The best option and cheapest, other than you having to buy a cart and harness, learn how to do it yourself. If you have ever trained a horse to ride, then driving is not to much different. You still line drive them from the ground and make sure they understand this before you ever even think of trying the cart. The biggest thing is getting them use to the shafts without them getting themselves tangled up. If you would be interested I can write a really detailed description on how to train a horse to drive (I train minis for everyone in this area). Then you can try to find someone to help you out, It is best with three people total when teaching one to drive, and teach them yourself. Other than using this as a choice, find a horse stable somewhere and I am sure at least one of them knows how to teach a driving horse.


----------



## Angel_Leaguer (Jun 13, 2008)

I agree with Minihorse with teaching yourself. I would start with lots and lots of ground driving. Make sure the horse gets exposed to many things as well. A cart can be tons of fun but it can also get messy in a hurry (if the horse spooks, rears, bucks, etc...) 

With the ground driving teach the horse to yield to your voice, after awhile you can start to get the horse to drag around some make-shift shafts (like out of PVC pipes or similar). This way they get used to something following them. When the time comes to hook to the cart make sure you have someone there to help out.


----------



## LauraB (Nov 11, 2008)

I agree, try to train them yourself. I used the exact same techniqes listed below to teach my horse how to drive. If you really don't want to train them youself try finding a local trainer with drivning experience.

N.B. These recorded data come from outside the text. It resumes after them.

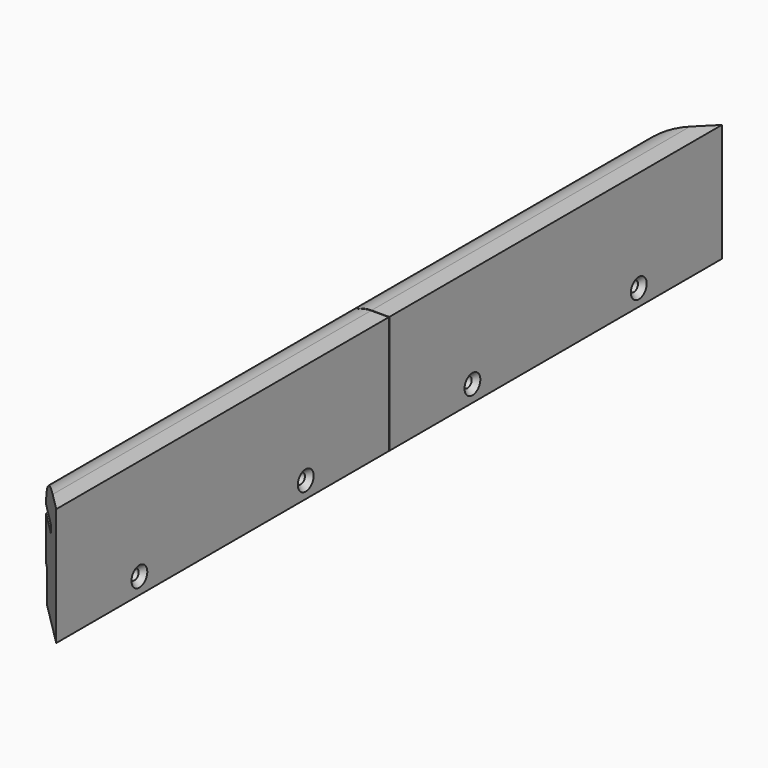
from build123d import *

# Parameters (mm, degrees)
F0_W            = 20
F0_H            = 46.5
F1_DEPTH        = 164
F2_W            = 164
F2_H            = 3.1
F3_DEPTH        = 10
F4_W            = 164
F4_H            = 13
F5_DEPTH        = 2
F7_DEPTH        = 46.5
F8_R            = 12.99999
F10_D           = 4
F10_DEPTH       = 20
F10_CSINK_D     = 7.8
F10_CSINK_ANGLE = 90
F10_TIP         = 1.2017212381


# Not quite as in the source:
# - a fillet or chamfer is up to 0.001 mm smaller than in the source, because OpenCascade refuses the exact size


with BuildPart() as f1:
    # F0 (on Front) → F1 (new body)
    with BuildSketch(Plane.XZ):
        Rectangle(F0_W, F0_H)
    extrude(amount=F1_DEPTH)

    # F2 (on face) → F3 (cut)
    with BuildSketch(Plane(origin=(-10, 0, 0), x_dir=(0, -1, 0), z_dir=(-1, 0, 0))):
        with Locations((82, 8.7)):
            Rectangle(F2_W, F2_H)
    extrude(amount=-F3_DEPTH, mode=Mode.SUBTRACT)

    # F4 (on face) → F5 (cut)
    with BuildSketch(Plane(origin=(-10, 0, 0), x_dir=(0, -1, 0), z_dir=(-1, 0, 0))):
        with Locations((82, -16.75)):
            Rectangle(F4_W, F4_H)
    extrude(amount=-F5_DEPTH, mode=Mode.SUBTRACT)

    # F6 (on face) → F7 (cut, through all)
    with BuildSketch(Plane.XY.offset(23.25)):
        Polygon((-10, 0), (-10, -20), (10, 0), align=None)
    extrude(amount=-F7_DEPTH, mode=Mode.SUBTRACT)

    # F8 (radius 13 in the source; OpenCascade refuses exactly that, so slightly less here)
    f8_edges = [f1.edges().sort_by_distance(p)[0] for p in [
        (-10, -92, 23.25),
    ]]
    fillet(f8_edges, radius=F8_R)

    # F10
    with Locations(Plane.YZ.offset(10)):
        with Locations((-123, -16.75), (-41, -16.75)):
            CounterSinkHole(F10_D / 2, F10_CSINK_D / 2, depth=F10_DEPTH, counter_sink_angle=F10_CSINK_ANGLE)
            with Locations((0, 0, -(F10_DEPTH + F10_TIP / 2))):  # 118° drill point
                Cone(0, F10_D / 2, F10_TIP, mode=Mode.SUBTRACT)


with BuildPart() as f12_1:
    # F12: instance of F1
    add(f1.part.mirror(Plane(origin=(0.7724850415, -164.1, -0.683742713), x_dir=(1, 0, 0), z_dir=(0, -1, 0))))


solid = Compound([f1.part, f12_1.part])
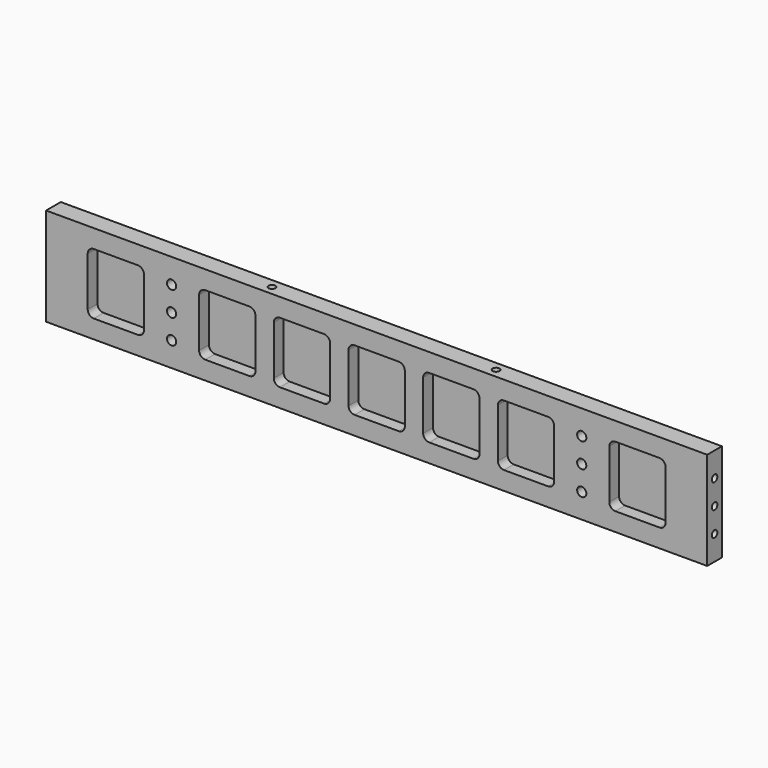
from build123d import *

# Parameters (mm, degrees)
F0_W             = 342.9
F0_H             = 50.8
F1_DEPTH         = 9.525
F2_D             = 4.7625
F2_CSINK_D       = 10.16
F2_CSINK_ANGLE   = 90
F4_D             = 3.571875
F4_DEPTH         = 12.7
F4_TIP           = 1.0730995118
F6_D             = 3.571875
F6_DEPTH         = 12.7
F6_TIP           = 1.0730995118
F7_W             = 29.21
F7_H             = 31.75
F8_DEPTH         = 6.35
F9_R             = 3.175
F12_D            = 3.571875
F12_DEPTH        = 6.35
F12_TIP          = 1.0730995118
F12_ON_F10_D     = 3.571875
F12_ON_F10_DEPTH = 6.35
F12_ON_F10_TIP   = 1.0730995118


# Not quite as in the source:
# - a feature names something its author has since deleted; it is built from what else it names


with BuildPart() as f1:
    # F0 (on Front) → F1 (new body)
    with BuildSketch(Plane.XZ):
        with Locations((171.45, 25.4)):
            Rectangle(F0_W, F0_H)
    extrude(amount=F1_DEPTH)

    # F2 (through all)
    with Locations(Plane(origin=(0, 0, 0), x_dir=(1, 0, 0), z_dir=(0, 1, 0))):
        with Locations((65.0875, -38.1), (65.0875, -25.4), (65.0875, -12.7), (277.8125, -38.1), (277.8125, -25.4), (277.8125, -12.7)):
            CounterSinkHole(F2_D / 2, F2_CSINK_D / 2, counter_sink_angle=F2_CSINK_ANGLE)

    # F4
    with Locations(Plane(origin=(0, 0, 0), x_dir=(0, -1, 0), z_dir=(-1, 0, 0))):
        with Locations((4.7625, 25.4), (4.7625, 12.7), (4.7625, 38.1)):
            Hole(F4_D / 2, depth=F4_DEPTH)
            with Locations((0, 0, -(F4_DEPTH + F4_TIP / 2))):  # 118° drill point
                Cone(0, F4_D / 2, F4_TIP, mode=Mode.SUBTRACT)

    # F6
    with Locations(Plane.YZ.offset(342.9)):
        with Locations((-4.7625, 12.7), (-4.7625, 25.4), (-4.7625, 38.1)):
            Hole(F6_D / 2, depth=F6_DEPTH)
            with Locations((0, 0, -(F6_DEPTH + F6_TIP / 2))):  # 118° drill point
                Cone(0, F6_D / 2, F6_TIP, mode=Mode.SUBTRACT)

    # F7 (on face) → F8 (cut)
    with BuildSketch(Plane.XZ.offset(9.525)):
        with Locations((93.98, 25.4)):
            Rectangle(F7_W, F7_H)
        with Locations((132.715, 25.4)):
            Rectangle(F7_W, F7_H)
        with Locations((171.45, 25.4)):
            Rectangle(F7_W, F7_H)
        with Locations((210.185, 25.4)):
            Rectangle(F7_W, F7_H)
        with Locations((248.92, 25.4)):
            Rectangle(F7_W, F7_H)
        with Locations((36.195, 25.4)):
            Rectangle(F7_W, F7_H)
        with Locations((306.705, 25.4)):
            Rectangle(F7_W, F7_H)
    extrude(amount=-F8_DEPTH, mode=Mode.SUBTRACT)

    # F9
    f9_edges = [f1.edges().sort_by_distance(p)[0] for p in [
        (156.845, -6.35, 41.275),
        (195.58, -6.35, 41.275),
        (234.315, -6.35, 41.275),
        (79.375, -6.35, 41.275),
        (118.11, -6.35, 41.275),
        (79.375, -6.35, 9.525),
        (118.11, -6.35, 9.525),
        (156.845, -6.35, 9.525),
        (195.58, -6.35, 9.525),
        (234.315, -6.35, 9.525),
        (108.585, -6.35, 41.275),
        (147.32, -6.35, 41.275),
        (186.055, -6.35, 41.275),
        (224.79, -6.35, 41.275),
        (263.525, -6.35, 41.275),
        (263.525, -6.35, 9.525),
        (224.79, -6.35, 9.525),
        (186.055, -6.35, 9.525),
        (147.32, -6.35, 9.525),
        (108.585, -6.35, 9.525),
        (321.31, -6.35, 41.275),
        (292.1, -6.35, 41.275),
        (292.1, -6.35, 9.525),
        (321.31, -6.35, 9.525),
        (50.8, -6.35, 9.525),
        (50.8, -6.35, 41.275),
        (21.59, -6.35, 41.275),
        (21.59, -6.35, 9.525),
    ]]
    fillet(f9_edges, radius=F9_R)

    # F12
    with Locations(Plane.XY.offset(50.8)):
        with Locations((229.5525, -4.7625), (113.3475, -4.7625)):
            Hole(F12_D / 2, depth=F12_DEPTH)
            with Locations((0, 0, -(F12_DEPTH + F12_TIP / 2))):  # 118° drill point
                Cone(0, F12_D / 2, F12_TIP, mode=Mode.SUBTRACT)

    # F12 on F10
    with Locations(Plane(origin=(0, 0, 0), x_dir=(1, 0, 0), z_dir=(0, 0, -1))):
        with Locations((113.3475, 4.7625), (229.5525, 4.7625)):
            Hole(F12_ON_F10_D / 2, depth=F12_ON_F10_DEPTH)
            with Locations((0, 0, -(F12_ON_F10_DEPTH + F12_ON_F10_TIP / 2))):  # 118° drill point
                Cone(0, F12_ON_F10_D / 2, F12_ON_F10_TIP, mode=Mode.SUBTRACT)


solid = f1.part
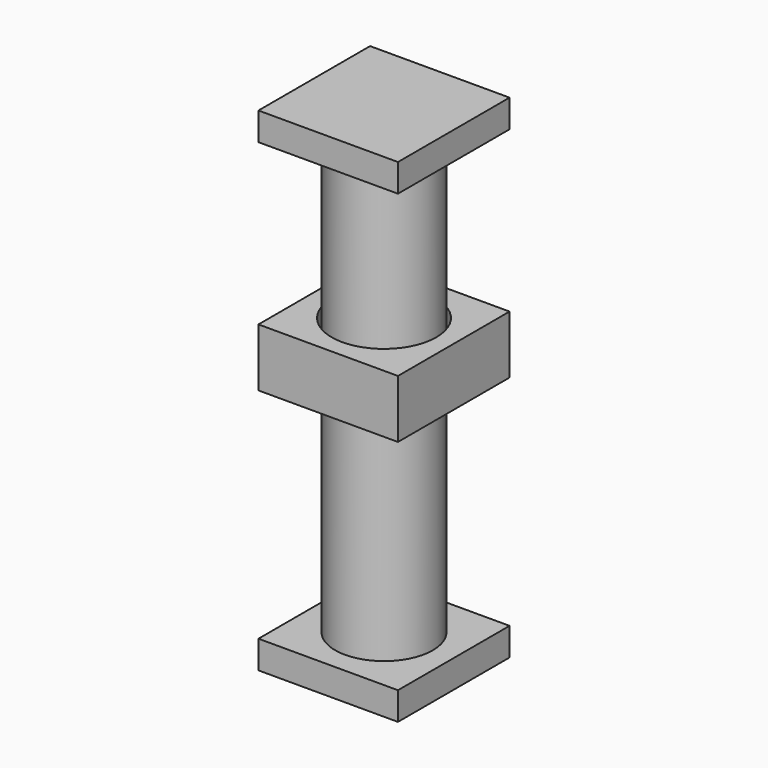
from build123d import *

# Parameters (mm, degrees)
F0_W     = 60
F0_H     = 60
F1_DEPTH = 25
F2_R     = 22.5
F3_DEPTH = 25
F4_R     = 21
F5_DEPTH = 100
F6_W     = 60
F6_H     = 60
F6_R     = 21
F7_DEPTH = 6
F8_W     = 60
F8_H     = 60
F8_R     = 21
F9_DEPTH = 6


with BuildPart() as f1:
    # F0 (on Top) → F1 (new body)
    with BuildSketch(Plane.XY):
        Rectangle(F0_W, F0_H)
    extrude(amount=F1_DEPTH)

    # F2 (on face) → F3 (cut)
    with BuildSketch(Plane.XY.offset(25)):
        Circle(F2_R)
    extrude(amount=-F3_DEPTH, mode=Mode.SUBTRACT)


with BuildPart() as f5:
    # F4 (on Top) → F5 (new body, symmetric)
    with BuildSketch(Plane.XY):
        Circle(F4_R)
    extrude(amount=F5_DEPTH, both=True)

    # F6 (on face) → F7 (join, symmetric)
    with BuildSketch(Plane.XY.offset(100)):
        Rectangle(F6_W, F6_H)
        Circle(F6_R, mode=Mode.SUBTRACT)
        Circle(F6_R)
    extrude(amount=F7_DEPTH, both=True)

    # F8 (on face) → F9 (join, symmetric)
    with BuildSketch(Plane(origin=(0, 0, -100), x_dir=(1, 0, 0), z_dir=(0, 0, -1))):
        Rectangle(F8_W, F8_H)
        Circle(F8_R, mode=Mode.SUBTRACT)
        Circle(F8_R)
    extrude(amount=F9_DEPTH, both=True)


solid = Compound([f1.part, f5.part])

Most will require you to leave the horse for 2 or three months at least.


----------



## appylover31803 (Sep 18, 2007)

I know of a place that teaches horses how to drive. It's in PA.

My friend just recently got her horse back after 2 months of being there for driving.


----------



## MirrorStage2009 (Sep 10, 2008)

appylover31803 said:


> I know of a place that teaches horses how to drive. It's in PA.
> 
> My friend just recently got her horse back after 2 months of being there for driving.


Really? Where in PA? Was it New Promise Farms? I was looking around for places and the only one I found was in Blairstown/Columbia New Jersey. Nice people, good price. Kate also taught her horse to drive, so eventually we'll teach TJ. Eventually. :wink:

If you're going to teach yourself, I think the horse has to be 100% to voice commands on the lunge line, before progressing to longe lines. Then before putting to a cart you want to see them drag either a log or a tire. And once in a cart or shafts, I'd never go solo! 

When looking for a trainer, look for places that specialize in certain breeds, like Friesians or Morgans or any drafters...breeds bred to pull. It might help you narrow down you're search.

G'luck!


----------



## appylover31803 (Sep 18, 2007)

Yes it is New Promise Farms. My friend had sent 2 of her horses there, and one of her boarders sent a horse there as well. Another woman I know, sent her horse there, for just a month I believe. He used to rear/flip when on cross ties, now he's fine.

I'm currently teaching my horses to ground drive. Montana was/is a little unsure, Vega was as well, but Gem picked it up very well.


----------



## kickshaw (May 7, 2008)

i actually wouldn't teach driving on your own...especially if you have never done it before. There is lots of room to really screw things up!

I would look for a QH, Paint, Saddlebred, or Arab stable that have training horses that they drive on a regular basis. Most Saddlebreds are driven everyday, and that's how they are started. 

Trainers will have the equipment along with the experience necessary to ensure a proper start. 

Hope that wasnt too harsh...I've just seen some major wrecks resulting from the "do it yourselfer"


----------



## appylover31803 (Sep 18, 2007)

I can only image what would happen.

Like i said in my other post, I'm teaching my guys to ground drive, but that's it. I have no idea how to set up anything for driving.
If I did want to pursue driving, I know of a few places where I could go.


----------